▶ _Dataset content_:
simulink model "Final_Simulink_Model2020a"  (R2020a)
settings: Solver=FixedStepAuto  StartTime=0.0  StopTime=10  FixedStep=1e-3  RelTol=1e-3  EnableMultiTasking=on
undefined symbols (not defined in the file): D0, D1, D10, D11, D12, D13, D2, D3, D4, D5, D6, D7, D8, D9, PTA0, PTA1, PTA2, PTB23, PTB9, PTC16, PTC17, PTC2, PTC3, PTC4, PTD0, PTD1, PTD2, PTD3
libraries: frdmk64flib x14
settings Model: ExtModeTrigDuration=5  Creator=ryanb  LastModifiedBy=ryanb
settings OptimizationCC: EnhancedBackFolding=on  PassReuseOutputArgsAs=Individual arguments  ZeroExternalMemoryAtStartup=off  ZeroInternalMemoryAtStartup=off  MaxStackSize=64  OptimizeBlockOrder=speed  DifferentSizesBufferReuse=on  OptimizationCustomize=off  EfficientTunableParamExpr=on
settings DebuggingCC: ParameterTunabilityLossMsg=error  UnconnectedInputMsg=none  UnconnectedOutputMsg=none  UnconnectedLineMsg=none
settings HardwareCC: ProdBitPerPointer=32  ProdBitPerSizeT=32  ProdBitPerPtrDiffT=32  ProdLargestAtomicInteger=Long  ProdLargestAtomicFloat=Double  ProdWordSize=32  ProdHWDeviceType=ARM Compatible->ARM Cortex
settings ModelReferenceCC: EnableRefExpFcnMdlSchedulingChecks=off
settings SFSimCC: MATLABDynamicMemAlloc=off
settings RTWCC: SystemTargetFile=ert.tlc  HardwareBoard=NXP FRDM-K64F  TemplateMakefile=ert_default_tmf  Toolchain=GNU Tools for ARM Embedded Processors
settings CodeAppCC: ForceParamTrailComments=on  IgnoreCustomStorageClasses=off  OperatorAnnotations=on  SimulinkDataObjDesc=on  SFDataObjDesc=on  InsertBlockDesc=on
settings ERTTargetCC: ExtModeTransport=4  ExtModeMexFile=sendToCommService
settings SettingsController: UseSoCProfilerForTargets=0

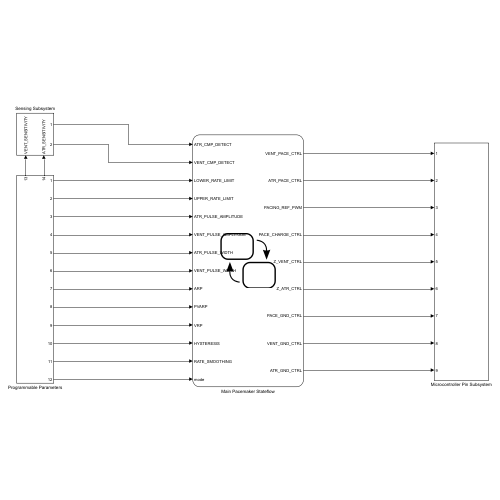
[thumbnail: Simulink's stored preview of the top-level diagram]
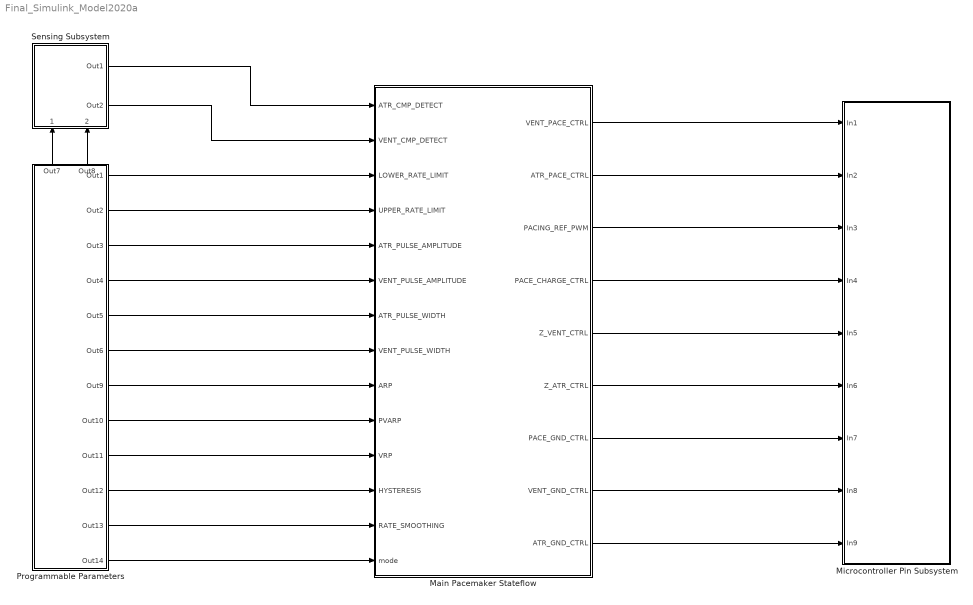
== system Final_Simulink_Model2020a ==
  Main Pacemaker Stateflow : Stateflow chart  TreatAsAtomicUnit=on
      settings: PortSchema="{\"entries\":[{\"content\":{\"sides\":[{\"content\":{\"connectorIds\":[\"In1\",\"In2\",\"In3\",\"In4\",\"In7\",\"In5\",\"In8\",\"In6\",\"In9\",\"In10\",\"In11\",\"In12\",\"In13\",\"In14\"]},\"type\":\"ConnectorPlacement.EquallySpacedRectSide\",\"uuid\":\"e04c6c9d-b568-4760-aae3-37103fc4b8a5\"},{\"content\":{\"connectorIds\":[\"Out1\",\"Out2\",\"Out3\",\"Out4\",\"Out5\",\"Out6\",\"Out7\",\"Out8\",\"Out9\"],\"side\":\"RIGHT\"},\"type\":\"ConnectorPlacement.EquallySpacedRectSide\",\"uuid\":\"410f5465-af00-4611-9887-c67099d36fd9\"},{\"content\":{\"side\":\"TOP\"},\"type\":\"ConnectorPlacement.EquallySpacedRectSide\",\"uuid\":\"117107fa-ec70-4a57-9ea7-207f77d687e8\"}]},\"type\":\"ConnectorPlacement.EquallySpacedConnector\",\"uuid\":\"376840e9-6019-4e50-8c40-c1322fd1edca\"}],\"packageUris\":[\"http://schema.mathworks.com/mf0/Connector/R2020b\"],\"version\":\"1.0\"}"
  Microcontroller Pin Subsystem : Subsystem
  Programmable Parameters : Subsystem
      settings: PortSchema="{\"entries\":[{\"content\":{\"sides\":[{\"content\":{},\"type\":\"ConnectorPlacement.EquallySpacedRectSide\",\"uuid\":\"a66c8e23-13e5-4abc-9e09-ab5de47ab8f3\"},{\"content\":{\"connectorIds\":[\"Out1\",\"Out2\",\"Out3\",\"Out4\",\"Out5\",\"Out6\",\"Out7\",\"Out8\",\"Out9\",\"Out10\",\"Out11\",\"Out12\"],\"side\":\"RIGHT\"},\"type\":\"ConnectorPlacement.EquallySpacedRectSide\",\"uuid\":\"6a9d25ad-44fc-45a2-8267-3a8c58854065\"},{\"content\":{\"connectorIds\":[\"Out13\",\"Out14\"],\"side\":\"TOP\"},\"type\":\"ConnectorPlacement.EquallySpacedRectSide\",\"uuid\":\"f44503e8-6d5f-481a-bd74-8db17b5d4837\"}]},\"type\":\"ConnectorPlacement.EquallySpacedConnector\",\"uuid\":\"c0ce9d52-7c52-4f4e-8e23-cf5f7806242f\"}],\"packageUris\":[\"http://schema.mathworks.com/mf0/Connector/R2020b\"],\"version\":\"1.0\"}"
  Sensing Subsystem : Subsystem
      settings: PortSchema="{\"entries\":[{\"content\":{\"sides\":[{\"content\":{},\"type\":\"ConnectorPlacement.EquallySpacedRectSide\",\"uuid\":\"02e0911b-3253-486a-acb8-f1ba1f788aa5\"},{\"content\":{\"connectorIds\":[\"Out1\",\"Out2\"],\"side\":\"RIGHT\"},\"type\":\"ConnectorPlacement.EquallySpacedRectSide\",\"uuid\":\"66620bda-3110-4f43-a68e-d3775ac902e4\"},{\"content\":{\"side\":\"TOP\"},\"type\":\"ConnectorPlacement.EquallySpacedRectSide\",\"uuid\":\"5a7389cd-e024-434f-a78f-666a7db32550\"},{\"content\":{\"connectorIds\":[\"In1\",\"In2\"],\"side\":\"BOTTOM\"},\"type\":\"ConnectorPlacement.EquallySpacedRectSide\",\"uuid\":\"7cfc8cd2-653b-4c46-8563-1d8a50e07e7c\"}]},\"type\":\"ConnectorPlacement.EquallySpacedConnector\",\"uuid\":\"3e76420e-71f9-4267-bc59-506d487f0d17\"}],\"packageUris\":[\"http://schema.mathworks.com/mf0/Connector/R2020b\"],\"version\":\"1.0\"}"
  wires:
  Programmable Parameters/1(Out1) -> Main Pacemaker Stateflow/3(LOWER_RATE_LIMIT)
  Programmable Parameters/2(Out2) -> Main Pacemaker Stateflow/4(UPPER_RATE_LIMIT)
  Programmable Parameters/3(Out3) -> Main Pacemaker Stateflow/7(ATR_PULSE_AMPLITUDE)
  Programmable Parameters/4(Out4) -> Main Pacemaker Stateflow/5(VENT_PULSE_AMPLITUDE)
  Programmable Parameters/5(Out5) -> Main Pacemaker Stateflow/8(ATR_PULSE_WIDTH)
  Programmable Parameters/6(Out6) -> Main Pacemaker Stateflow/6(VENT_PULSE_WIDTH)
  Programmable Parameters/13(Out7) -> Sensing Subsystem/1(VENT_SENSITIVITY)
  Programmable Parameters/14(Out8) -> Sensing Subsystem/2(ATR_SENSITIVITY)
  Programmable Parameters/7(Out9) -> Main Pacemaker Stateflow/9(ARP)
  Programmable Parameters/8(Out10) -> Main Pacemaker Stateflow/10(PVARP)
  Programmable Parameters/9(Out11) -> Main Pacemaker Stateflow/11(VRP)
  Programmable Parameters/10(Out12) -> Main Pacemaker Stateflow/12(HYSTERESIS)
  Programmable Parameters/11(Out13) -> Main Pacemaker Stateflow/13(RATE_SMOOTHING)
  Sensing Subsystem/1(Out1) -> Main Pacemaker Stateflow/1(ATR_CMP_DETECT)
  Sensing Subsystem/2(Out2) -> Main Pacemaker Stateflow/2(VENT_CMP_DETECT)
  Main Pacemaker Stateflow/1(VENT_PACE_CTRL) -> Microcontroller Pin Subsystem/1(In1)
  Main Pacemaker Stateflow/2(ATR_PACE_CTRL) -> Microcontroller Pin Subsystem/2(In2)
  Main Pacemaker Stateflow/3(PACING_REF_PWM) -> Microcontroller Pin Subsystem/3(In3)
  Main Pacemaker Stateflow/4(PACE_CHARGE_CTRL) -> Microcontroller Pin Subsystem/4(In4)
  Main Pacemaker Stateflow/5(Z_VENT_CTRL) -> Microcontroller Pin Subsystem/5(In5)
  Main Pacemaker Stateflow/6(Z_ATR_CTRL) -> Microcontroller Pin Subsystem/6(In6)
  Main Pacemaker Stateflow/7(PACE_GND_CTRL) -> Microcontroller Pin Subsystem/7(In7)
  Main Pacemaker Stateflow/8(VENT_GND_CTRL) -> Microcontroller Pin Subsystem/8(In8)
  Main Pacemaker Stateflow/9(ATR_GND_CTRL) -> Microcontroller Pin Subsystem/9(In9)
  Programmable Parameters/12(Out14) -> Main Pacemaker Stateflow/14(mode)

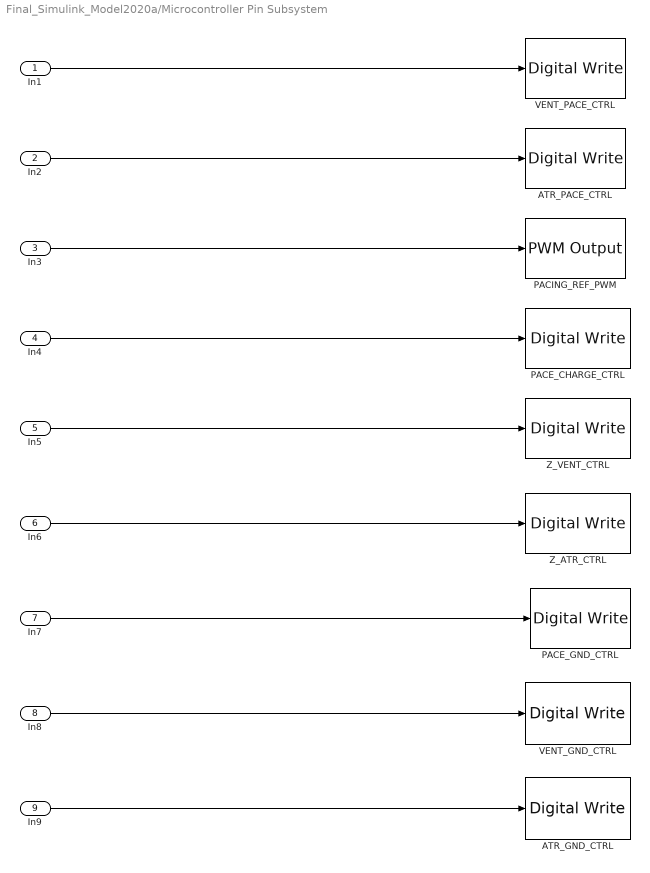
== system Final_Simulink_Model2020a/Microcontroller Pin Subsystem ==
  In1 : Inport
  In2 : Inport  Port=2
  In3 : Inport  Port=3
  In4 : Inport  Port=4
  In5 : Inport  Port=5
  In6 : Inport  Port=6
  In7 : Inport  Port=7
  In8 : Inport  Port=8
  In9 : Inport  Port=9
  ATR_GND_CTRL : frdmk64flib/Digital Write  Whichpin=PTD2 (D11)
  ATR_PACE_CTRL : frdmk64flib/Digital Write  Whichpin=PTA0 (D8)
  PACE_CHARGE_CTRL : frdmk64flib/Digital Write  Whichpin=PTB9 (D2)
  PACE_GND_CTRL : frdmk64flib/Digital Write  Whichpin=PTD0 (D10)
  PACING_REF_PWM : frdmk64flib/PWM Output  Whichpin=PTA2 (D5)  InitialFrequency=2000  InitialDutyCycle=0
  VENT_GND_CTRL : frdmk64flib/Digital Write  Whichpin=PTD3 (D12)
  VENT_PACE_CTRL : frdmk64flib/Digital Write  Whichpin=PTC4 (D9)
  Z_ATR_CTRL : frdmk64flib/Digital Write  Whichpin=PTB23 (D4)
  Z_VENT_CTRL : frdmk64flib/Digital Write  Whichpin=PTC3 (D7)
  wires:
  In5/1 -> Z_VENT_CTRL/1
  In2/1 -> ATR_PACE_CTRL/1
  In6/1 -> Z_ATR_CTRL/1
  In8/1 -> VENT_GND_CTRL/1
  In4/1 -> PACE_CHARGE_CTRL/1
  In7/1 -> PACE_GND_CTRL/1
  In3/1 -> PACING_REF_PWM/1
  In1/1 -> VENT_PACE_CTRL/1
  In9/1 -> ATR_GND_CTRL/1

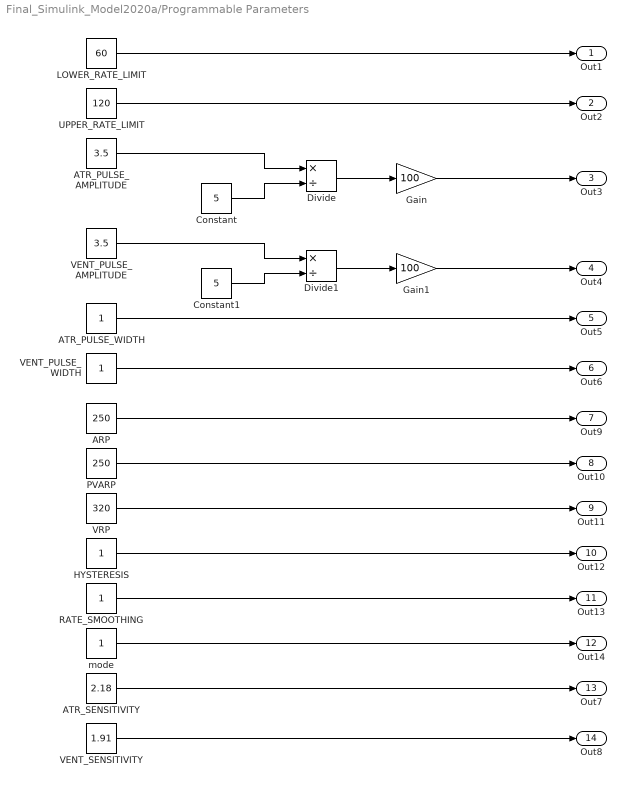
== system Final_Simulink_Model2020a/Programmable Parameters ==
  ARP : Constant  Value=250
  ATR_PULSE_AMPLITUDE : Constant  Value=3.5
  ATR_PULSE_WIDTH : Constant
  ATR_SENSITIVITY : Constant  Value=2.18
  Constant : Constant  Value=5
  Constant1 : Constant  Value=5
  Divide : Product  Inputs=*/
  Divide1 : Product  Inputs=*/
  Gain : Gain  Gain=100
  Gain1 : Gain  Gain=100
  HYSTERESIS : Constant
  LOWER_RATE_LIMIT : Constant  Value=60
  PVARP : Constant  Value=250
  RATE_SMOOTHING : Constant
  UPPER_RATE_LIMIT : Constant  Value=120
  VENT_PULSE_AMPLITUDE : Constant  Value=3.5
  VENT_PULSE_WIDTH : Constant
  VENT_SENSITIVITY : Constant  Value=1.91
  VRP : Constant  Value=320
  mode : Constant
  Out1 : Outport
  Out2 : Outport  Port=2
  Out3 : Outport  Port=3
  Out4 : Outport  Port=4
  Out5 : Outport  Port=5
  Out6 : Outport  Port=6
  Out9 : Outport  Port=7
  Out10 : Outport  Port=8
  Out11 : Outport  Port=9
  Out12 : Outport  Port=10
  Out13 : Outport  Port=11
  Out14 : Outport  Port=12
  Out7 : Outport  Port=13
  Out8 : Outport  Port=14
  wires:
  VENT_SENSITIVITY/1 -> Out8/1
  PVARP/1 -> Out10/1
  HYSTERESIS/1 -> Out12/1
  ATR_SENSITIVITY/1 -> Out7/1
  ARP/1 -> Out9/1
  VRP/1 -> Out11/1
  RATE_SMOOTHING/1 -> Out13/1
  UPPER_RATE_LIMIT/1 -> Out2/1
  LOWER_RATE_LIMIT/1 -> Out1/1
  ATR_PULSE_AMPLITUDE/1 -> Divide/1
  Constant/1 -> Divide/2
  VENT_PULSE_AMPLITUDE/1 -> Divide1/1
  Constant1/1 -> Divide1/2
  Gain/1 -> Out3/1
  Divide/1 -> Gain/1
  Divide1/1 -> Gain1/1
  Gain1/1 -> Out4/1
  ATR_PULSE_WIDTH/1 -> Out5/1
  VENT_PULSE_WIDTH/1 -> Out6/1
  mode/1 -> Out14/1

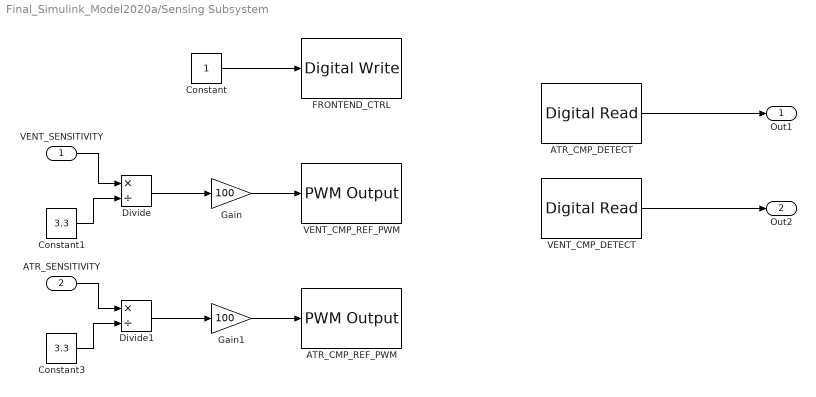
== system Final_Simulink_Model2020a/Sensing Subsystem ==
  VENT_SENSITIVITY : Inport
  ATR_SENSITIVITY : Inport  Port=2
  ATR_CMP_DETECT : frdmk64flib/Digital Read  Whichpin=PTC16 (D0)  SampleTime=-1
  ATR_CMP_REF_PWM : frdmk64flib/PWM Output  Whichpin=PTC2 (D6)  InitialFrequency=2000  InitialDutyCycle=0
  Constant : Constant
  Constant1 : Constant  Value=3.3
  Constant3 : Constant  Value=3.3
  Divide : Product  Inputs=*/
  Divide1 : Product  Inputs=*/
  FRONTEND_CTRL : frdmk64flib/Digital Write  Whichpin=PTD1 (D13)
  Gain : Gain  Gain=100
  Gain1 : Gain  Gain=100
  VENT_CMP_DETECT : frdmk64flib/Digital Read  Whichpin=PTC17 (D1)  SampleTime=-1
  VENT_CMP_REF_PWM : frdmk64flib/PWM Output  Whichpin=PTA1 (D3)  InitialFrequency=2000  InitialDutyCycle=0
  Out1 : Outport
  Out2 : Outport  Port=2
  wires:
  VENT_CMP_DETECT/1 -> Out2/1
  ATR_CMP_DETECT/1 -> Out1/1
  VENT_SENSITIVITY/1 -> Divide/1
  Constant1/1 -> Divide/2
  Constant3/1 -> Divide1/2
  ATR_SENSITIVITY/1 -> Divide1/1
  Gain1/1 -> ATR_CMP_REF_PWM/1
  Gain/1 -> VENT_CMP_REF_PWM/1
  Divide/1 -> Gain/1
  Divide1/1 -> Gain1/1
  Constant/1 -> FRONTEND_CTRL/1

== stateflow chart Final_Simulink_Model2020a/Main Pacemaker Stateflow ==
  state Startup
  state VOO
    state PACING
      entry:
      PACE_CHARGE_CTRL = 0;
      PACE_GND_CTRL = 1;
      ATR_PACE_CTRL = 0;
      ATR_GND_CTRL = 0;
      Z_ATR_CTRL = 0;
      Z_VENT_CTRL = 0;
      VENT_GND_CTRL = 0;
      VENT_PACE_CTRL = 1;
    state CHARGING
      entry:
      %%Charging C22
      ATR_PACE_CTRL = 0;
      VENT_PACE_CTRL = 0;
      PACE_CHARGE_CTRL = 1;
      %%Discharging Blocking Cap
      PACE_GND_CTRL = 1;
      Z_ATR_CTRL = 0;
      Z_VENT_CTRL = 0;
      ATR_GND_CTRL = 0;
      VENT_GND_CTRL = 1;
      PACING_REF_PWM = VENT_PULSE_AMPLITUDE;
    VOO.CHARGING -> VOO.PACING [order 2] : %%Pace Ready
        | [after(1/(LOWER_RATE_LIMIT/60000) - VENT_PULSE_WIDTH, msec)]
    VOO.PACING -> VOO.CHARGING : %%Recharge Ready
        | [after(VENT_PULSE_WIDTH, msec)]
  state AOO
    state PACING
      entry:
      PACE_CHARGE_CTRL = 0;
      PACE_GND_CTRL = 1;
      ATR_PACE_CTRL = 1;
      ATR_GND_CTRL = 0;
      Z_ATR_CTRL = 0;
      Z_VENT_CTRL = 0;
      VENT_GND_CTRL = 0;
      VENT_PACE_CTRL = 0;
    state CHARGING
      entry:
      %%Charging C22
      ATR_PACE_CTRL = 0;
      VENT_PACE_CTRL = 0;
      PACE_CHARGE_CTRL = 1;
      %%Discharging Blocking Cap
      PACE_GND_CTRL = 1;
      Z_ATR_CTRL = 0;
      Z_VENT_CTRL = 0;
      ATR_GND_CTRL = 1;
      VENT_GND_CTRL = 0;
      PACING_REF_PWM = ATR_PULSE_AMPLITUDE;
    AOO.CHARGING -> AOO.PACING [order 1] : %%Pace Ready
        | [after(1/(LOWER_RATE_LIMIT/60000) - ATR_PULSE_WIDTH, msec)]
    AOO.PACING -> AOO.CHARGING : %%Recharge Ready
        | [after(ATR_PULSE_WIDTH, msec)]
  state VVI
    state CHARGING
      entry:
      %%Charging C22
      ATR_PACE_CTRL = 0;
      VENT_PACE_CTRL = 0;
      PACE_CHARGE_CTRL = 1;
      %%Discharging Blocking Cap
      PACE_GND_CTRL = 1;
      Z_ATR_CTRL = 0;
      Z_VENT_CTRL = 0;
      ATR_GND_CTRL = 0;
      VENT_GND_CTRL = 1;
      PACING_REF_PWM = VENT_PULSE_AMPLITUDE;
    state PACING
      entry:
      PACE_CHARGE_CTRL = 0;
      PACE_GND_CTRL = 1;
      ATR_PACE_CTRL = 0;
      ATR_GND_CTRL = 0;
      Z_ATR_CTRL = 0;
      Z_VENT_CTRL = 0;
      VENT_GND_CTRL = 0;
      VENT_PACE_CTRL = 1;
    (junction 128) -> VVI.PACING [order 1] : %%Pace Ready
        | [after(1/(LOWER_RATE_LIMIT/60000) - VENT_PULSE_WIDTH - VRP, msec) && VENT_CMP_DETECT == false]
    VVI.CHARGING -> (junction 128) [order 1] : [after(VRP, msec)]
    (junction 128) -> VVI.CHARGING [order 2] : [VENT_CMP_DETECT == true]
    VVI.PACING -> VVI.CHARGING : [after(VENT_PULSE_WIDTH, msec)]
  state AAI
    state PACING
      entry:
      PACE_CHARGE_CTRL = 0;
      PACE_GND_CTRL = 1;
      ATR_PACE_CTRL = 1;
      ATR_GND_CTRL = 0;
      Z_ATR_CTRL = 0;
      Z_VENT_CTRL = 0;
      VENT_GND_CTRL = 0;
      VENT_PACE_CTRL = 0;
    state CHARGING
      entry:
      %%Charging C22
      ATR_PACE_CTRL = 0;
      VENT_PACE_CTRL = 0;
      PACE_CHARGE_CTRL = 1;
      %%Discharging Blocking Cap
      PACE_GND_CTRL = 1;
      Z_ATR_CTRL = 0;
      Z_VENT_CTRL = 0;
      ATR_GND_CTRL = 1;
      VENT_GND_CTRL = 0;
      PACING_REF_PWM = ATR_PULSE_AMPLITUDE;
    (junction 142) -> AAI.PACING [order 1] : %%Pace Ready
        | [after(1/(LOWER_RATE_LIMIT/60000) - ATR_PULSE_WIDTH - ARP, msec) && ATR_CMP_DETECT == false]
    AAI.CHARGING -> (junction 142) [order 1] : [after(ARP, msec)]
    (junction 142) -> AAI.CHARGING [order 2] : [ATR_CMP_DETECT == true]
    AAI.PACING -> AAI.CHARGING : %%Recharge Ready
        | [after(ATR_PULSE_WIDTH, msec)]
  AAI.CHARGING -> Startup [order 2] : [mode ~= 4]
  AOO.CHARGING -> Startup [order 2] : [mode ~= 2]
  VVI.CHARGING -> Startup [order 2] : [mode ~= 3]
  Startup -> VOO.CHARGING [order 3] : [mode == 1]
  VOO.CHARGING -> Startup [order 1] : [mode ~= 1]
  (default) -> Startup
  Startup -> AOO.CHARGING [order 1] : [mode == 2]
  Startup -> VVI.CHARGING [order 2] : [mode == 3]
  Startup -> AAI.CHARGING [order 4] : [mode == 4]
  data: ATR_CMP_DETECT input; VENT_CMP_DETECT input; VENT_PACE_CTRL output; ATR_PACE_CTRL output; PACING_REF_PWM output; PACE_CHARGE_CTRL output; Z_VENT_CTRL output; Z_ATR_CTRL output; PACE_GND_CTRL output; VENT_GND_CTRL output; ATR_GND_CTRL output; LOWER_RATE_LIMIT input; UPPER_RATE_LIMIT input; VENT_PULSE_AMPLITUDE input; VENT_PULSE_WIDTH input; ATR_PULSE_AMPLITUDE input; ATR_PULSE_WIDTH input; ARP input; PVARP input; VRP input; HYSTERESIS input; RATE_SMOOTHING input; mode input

▶ _Work to be completed_: From the listing above, repeat exactly the lines starting at the line that includes "Out3 : Outport" and ending at the line that includes "Out7 : Outport", with nothing outside that span.

▶ _Output_:
  Out3 : Outport  Port=3
  Out4 : Outport  Port=4
  Out5 : Outport  Port=5
  Out6 : Outport  Port=6
  Out9 : Outport  Port=7
  Out10 : Outport  Port=8
  Out11 : Outport  Port=9
  Out12 : Outport  Port=10
  Out13 : Outport  Port=11
  Out14 : Outport  Port=12
  Out7 : Outport  Port=13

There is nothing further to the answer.